[Collection entries]
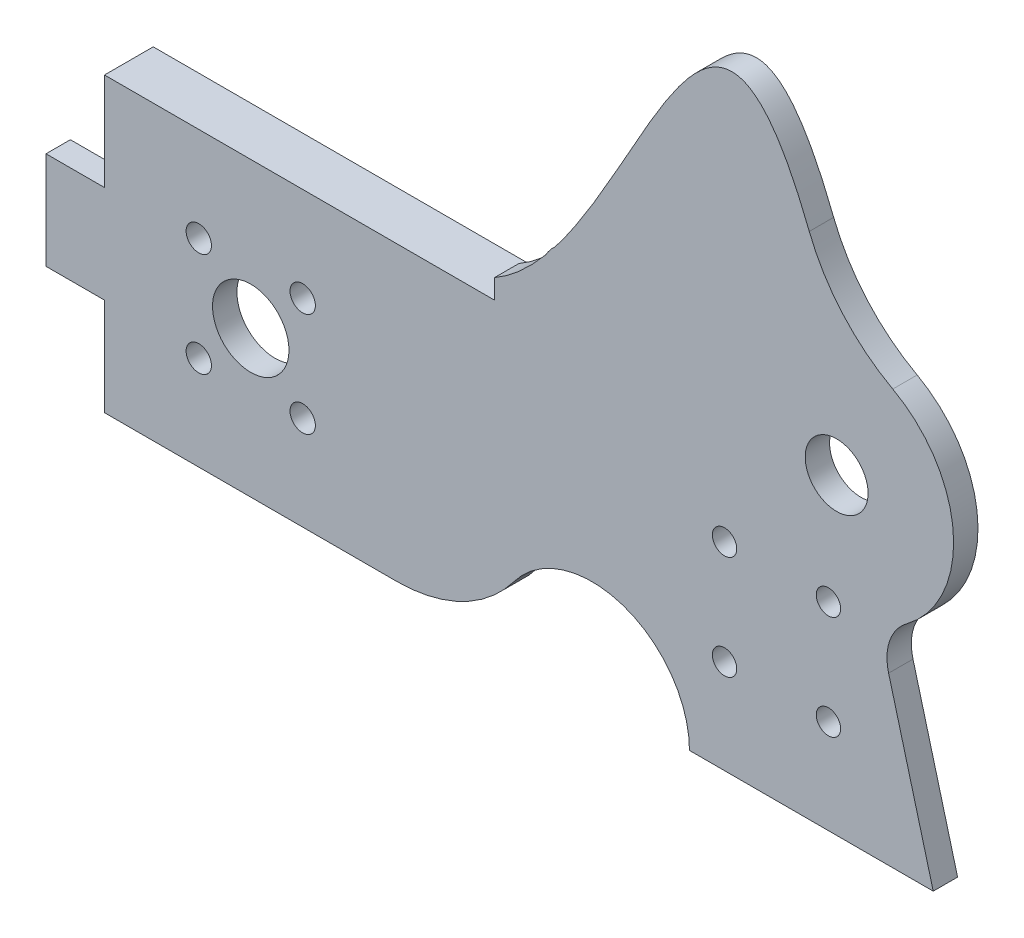
SolidWorks part; units mm, degrees
ref_plane "Front Plane" through (0, 0, 0) normal (0, 0, 1) x (1, 0, 0)
ref_plane "Top Plane" through (0, 0, 0) normal (0, 1, 0) x (1, 0, 0)
ref_plane "Right Plane" through (0, 0, 0) normal (1, 0, 0) x (0, 0, -1)
sketch "Sketch1" plane through (0, 0, 0) normal (0, 0, 1) x (1, 0, 0)
  line L0 (0, 0) -> (107.95, 0)
  line L3 (0, 38.1) -> (0, 25.4)
  line L4 (95.3675, 55.88) -> (0, 38.1)
  line L5 (0, 19.05) -> (100.2273, 19.05) construction
  line L6 (19.05, 19.05) -> (19.05, 28.62) construction
  line L7 (19.05, 19.05) -> (25.817, 25.817) construction
  line L8 (107.95, 0) -> (100.9363, 26.1756)
  line L10 (0, 12.7) -> (0, 0)
  line L11 (0, 25.4) -> (-7.62, 25.4)
  line L13 (0, 12.7) -> (-7.62, 12.7)
  line L14 (-7.62, 25.4) -> (-7.62, 12.7)
  line L15 (100.9363, 26.1756) -> (100.8688, 26.4276)
  arc A0 (100.8688, 26.4276) -> (95.3675, 55.88) centre (95.3675, 40.64) ccw
  circle A1 centre (95.3675, 40.64) radius 4.0957
  circle A2 centre (19.05, 19.05) radius 9.57 construction
  circle A3 centre (25.817, 25.817) radius 1.651
  circle A4 centre (25.817, 12.283) radius 1.651
  circle A5 centre (12.283, 12.283) radius 1.651
  circle A6 centre (12.283, 25.817) radius 1.651
  point P26 (19.05, 19.05)
  dimension "D1" = 8.1915
  dimension "D5" = 15.24
  dimension "D4" = 19.14
  dimension "D7" = 3.302
  dimension "D11" = 97.0107
  dimension "D2" = 38.1
  dimension "D3" = 40.64
  dimension "D6" = 107.95
  dimension "D8" = 45
  dimension "D9" = 4
  dimension "D10" = 19.05
  dimension "D12" = 75
  dimension "D14" = 12.7
  dimension "D15" = 12.7
  dimension "D16" = 7.62
extrude "Boss-Extrude1" add sketch "Sketch1" along normal blind 3.175
sketch "Sketch2" plane through (0, 0, 3.175) normal (0, 0, 1) x (1, 0, 0)
  circle A0 centre (95.3675, 40.64) radius 38.1 construction
sketch "Sketch6" plane through (0, 0, 3.175) normal (0, 0, 1) x (1, 0, 0)
  line L0 (0, 0) -> (107.95, 0) construction
  line L1 (50.8, 0) -> (76.2, 0)
  arc A0 (76.2, 0) -> (50.8, 0) centre (63.5, 0) ccw
  dimension "D1" = 25.4
  dimension "D2" = 31.75
extrude "Cut-Extrude2" cut sketch "Sketch6" against normal blind 6.35
sketch "Sketch7" plane through (0, 0, 3.175) normal (0, 0, 1) x (1, 0, 0)
  line L0 (12.283, 25.817) -> (25.817, 12.283) construction
  line L1 (12.283, 12.283) -> (25.817, 25.817) construction
  line L2 (12.283, 25.817) -> (78.4839, 25.817) construction
  line L3 (11.7326, 12.283) -> (12.283, 12.283) construction
  circle A0 centre (19.05, 19.05) radius 4.9784
  circle A4 centre (80.7666, 12.283) radius 1.5875
  circle A5 centre (94.2997, 12.283) radius 1.5875
  circle A6 centre (80.7666, 25.817) radius 1.5875
  circle A7 centre (94.2997, 25.817) radius 1.5875
  dimension "D1" = 9.9568
  dimension "D2" = 3.175
  dimension "D3" = 13.5331
extrude "Cut-Extrude3" cut sketch "Sketch7" against normal through all
fillet "Fillet1" radius 6.35 1 edges at (100.8688, 26.4276, 1.5875)
sketch "Sketch8" plane through (0, 0, 3.175) normal (0, 0, 1) x (1, 0, 0)
  line L1 (0, 38.1) -> (50.8, 38.1)
  line L2 (0, 38.1) -> (0, 50.8)
  line L3 (0, 50.8) -> (50.8, 50.8)
  line L4 (50.8, 38.1) -> (50.8, 50.8)
  dimension "D1" = 50.8
  dimension "D2" = 12.7
extrude "Cut-Extrude4" cut sketch "Sketch8" against normal blind 50.8
sketch "Sketch9" plane through (0, 0, 3.175) normal (0, 0, 1) x (1, 0, 0)
  line L3 (50.8, 40.64) -> (57.15, 40.64)
  line L5 (57.15, 40.64) -> (50.8, 40.64)
  line L6 (57.15, 40.64) -> (57.15, 50.8)
  line L7 (57.15, 50.8) -> (50.8, 50.8)
  line L8 (50.8, 40.64) -> (50.8, 50.8)
  line L9 (0, 38.1) -> (50.8, 38.1) construction
  line M8 (50.8, 47.571) -> (50.8, 38.1)
  line M21 (95.3675, 55.88) -> (50.8, 47.571)
  dimension "D1" = 10.16
  dimension "D2" = 2.54
  dimension "D3" = 6.35
extrude "Cut-Extrude5" cut sketch "Sketch9" against normal blind 19.304 contours L3 L6 M21 M8 region at (54.0583, 44.4092, 3.175)
fillet "Fillet6" radius 6.35 1 edges at (57.15, 40.64, 1.5875)
fillet "Fillet7" radius 6.35 1 edges at (57.15, 48.7549, 1.5875)
fillet "Fillet8" radius 19.05 1 edges at (50.8, 0, 1.5875)
sketch "Sketch12" plane through (0, 0, 3.175) normal (0, 0, 1) x (1, 0, 0)
  line L0 (107.95, 0) -> (146.812, 0) construction
  line L1 (8.0257, 45.4128) -> (80.6683, 75.7903) construction
  line L2 (95.3675, 40.64) -> (80.6683, 75.7903) construction
  line L3 (80.6683, 75.7903) -> (79.4434, 78.7195) construction
  line L4 (50.8, 40.64) -> (85.0271, 40.64)
  line L5 (85.0271, 40.64) -> (95.3675, 55.88)
  arc A0 (61.8128, 49.6242) -> (56.8883, 45.1859) centre (62.9766, 43.3817) ccw construction
  circle A1 centre (19.05, 19.05) radius 28.575 construction
  circle A2 centre (95.3675, 40.64) radius 38.1 construction
  circle A3 centre (80.6683, 75.7903) radius 3.175 construction
  spline S0 degree 3 poles (50.8, 40.64) (70.7778, 52.1788) (78.5943, 111.5434) (95.3675, 55.88) knots 0 0 0 0 1 1 1 1
  dimension "D2" = 6.35
  dimension "D1" = 38.862
extrude "Boss-Extrude2" add sketch "Sketch12" against normal blind 3.175
fillet "Fillet9" radius 24.13 1 edges at (95.3675, 55.88, 1.5875)
sketch "Sketch13" plane through (0, 0, 0) normal (0, 0, -1) x (-1, 0, 0)
  line L0 (0, 38.1) -> (0, 25.4) construction
  line L1 (-50.8, 38.1) -> (0, 38.1)
  line L2 (-50.8, 38.1) -> (-50.8, 28.4023)
  line L3 (-50.8, 28.4023) -> (0, 28.4023)
  line L4 (0, 38.1) -> (0, 28.4023)
  line L5 (0, 12.7) -> (0, 0) construction
  line L6 (0, 8.5046) -> (-38.1, 8.5046)
  line L7 (0, 8.5046) -> (0, 0)
  line L8 (0, 0) -> (-38.1, 0)
  line L9 (-38.1, 8.5046) -> (-38.1, 0)
extrude "Boss-Extrude3" add sketch "Sketch13" along normal blind 3.175

What needs to be done: Each of the lines from the one that contains "line L5 (0, 12.7) -> (0, 0) construction" through the last line of the data needs to be repeated exactly, with no others.

Reply:
  line L5 (0, 12.7) -> (0, 0) construction
  line L6 (0, 8.5046) -> (-38.1, 8.5046)
  line L7 (0, 8.5046) -> (0, 0)
  line L8 (0, 0) -> (-38.1, 0)
  line L9 (-38.1, 8.5046) -> (-38.1, 0)
extrude "Boss-Extrude3" add sketch "Sketch13" along normal blind 3.175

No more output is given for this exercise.